■ WORK INSTRUCTIONS ■
Which lines make up the answer? Those from the line with "11.735281374), (-15.5, 15.25))" through the end of the data; reproduce them exactly.
━━ AVAILABLE RECORDS
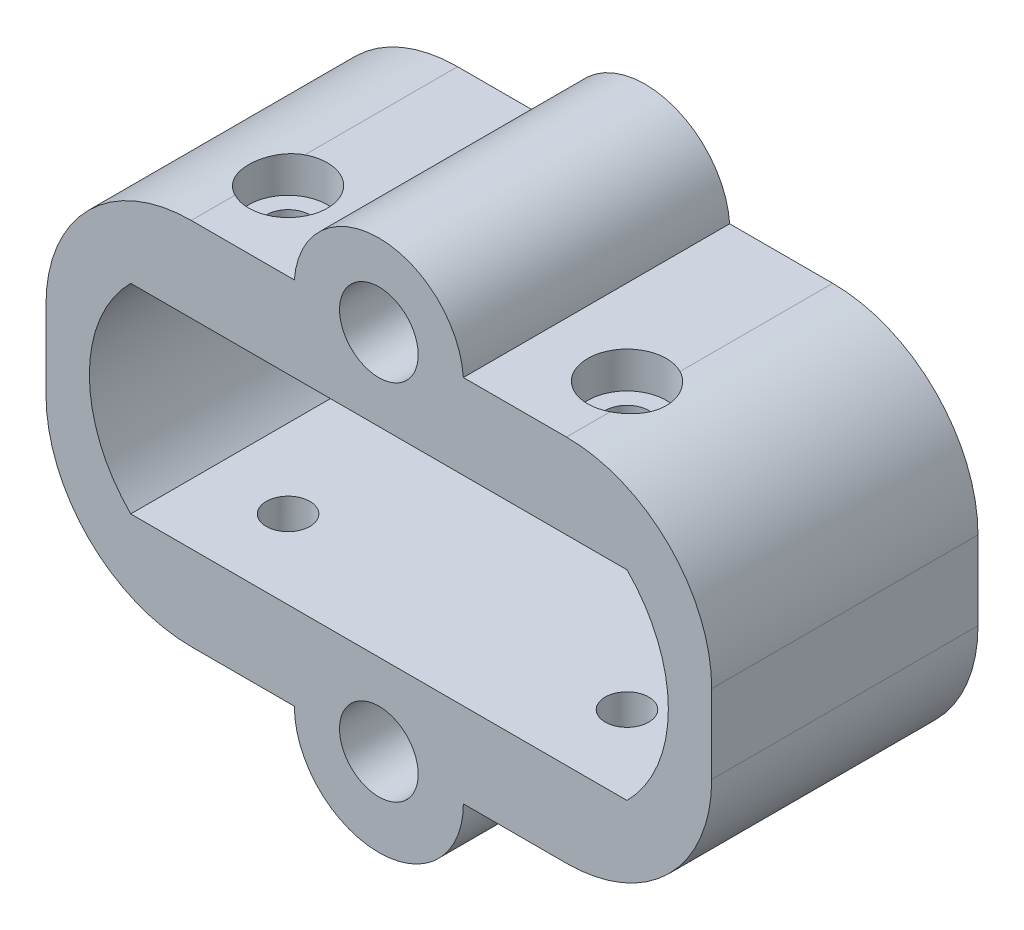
from build123d import *

# Parameters (mm, degrees)
BOSS_EXTRUDE1_DEPTH            = 22
CBORE_FOR_M3_SHCS1_D           = 3.6
CBORE_FOR_M3_SHCS1_CBORE_D     = 6.5
CBORE_FOR_M3_SHCS1_CBORE_DEPTH = 20.5
CBORE_FOR_M3_SHCS2_D           = 3.6
CBORE_FOR_M3_SHCS2_CBORE_D     = 6.5
CBORE_FOR_M3_SHCS2_CBORE_DEPTH = 3


with BuildPart() as part:
    # Sketch1 → Boss-Extrude1 (new body)
    with BuildSketch(Plane.XY):
        with BuildLine():
            Line((-15.5, 15.25), (-6.982120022, 15.25))
            ThreePointArc((-6.982120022, 15.25), (0, 21.75), (6.982120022, 15.25))
            Line((6.982120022, 15.25), (15.5, 15.25))
            ThreePointArc((15.5, 15.25), (23.985281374, 11.735281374), (27.5, 3.25))
            Line((27.5, 3.25), (27.5, -3.25))
            ThreePointArc((27.5, -3.25), (23.985281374, -11.735281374), (15.5, -15.25))
            Line((15.5, -15.25), (6.982120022, -15.25))
            ThreePointArc((6.982120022, -15.25), (0, -22.232120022), (-6.982120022, -15.25))
            Line((-6.982120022, -15.25), (-15.5, -15.25))
            ThreePointArc((-15.5, -15.25), (-23.985281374, -11.735281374), (-27.5, -3.25))
            Line((-27.5, -3.25), (-27.5, 3.25))
            ThreePointArc((-27.5, 3.25), (-23.985281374, 11.735281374), (-15.5, 15.25))
        make_face()
        with BuildLine():
            Line((-20.5, -8.25), (20.5, -8.25))
            ThreePointArc((20.5, -8.25), (23.91726189, 0), (20.5, 8.25))
            Line((20.5, 8.25), (-20.5, 8.25))
            ThreePointArc((-20.5, 8.25), (-23.91726189, 0), (-20.5, -8.25))
        make_face(mode=Mode.SUBTRACT)
    extrude(amount=BOSS_EXTRUDE1_DEPTH)

    # CBORE for M3 SHCS1 (through all)
    with Locations(Plane.XY.offset(22)):
        with Locations((0, 15), (0, -15)):
            CounterBoreHole(CBORE_FOR_M3_SHCS1_D / 2, CBORE_FOR_M3_SHCS1_CBORE_D / 2, CBORE_FOR_M3_SHCS1_CBORE_DEPTH)

    # CBORE for M3 SHCS2 (through all)
    with Locations(Plane(origin=(0, 15.25, 0), x_dir=(1, 0, 0), z_dir=(0, 1, 0))):
        with Locations((14, -15.5), (-14, -15.5)):
            CounterBoreHole(CBORE_FOR_M3_SHCS2_D / 2, CBORE_FOR_M3_SHCS2_CBORE_D / 2, CBORE_FOR_M3_SHCS2_CBORE_DEPTH)


solid = part.part
━━━━
■ TASK SOLUTION ■
            ThreePointArc((-27.5, 3.25), (-23.985281374, 11.735281374), (-15.5, 15.25))
        make_face()
        with BuildLine():
            Line((-20.5, -8.25), (20.5, -8.25))
            ThreePointArc((20.5, -8.25), (23.91726189, 0), (20.5, 8.25))
            Line((20.5, 8.25), (-20.5, 8.25))
            ThreePointArc((-20.5, 8.25), (-23.91726189, 0), (-20.5, -8.25))
        make_face(mode=Mode.SUBTRACT)
    extrude(amount=BOSS_EXTRUDE1_DEPTH)

    # CBORE for M3 SHCS1 (through all)
    with Locations(Plane.XY.offset(22)):
        with Locations((0, 15), (0, -15)):
            CounterBoreHole(CBORE_FOR_M3_SHCS1_D / 2, CBORE_FOR_M3_SHCS1_CBORE_D / 2, CBORE_FOR_M3_SHCS1_CBORE_DEPTH)

    # CBORE for M3 SHCS2 (through all)
    with Locations(Plane(origin=(0, 15.25, 0), x_dir=(1, 0, 0), z_dir=(0, 1, 0))):
        with Locations((14, -15.5), (-14, -15.5)):
            CounterBoreHole(CBORE_FOR_M3_SHCS2_D / 2, CBORE_FOR_M3_SHCS2_CBORE_D / 2, CBORE_FOR_M3_SHCS2_CBORE_DEPTH)


solid = part.part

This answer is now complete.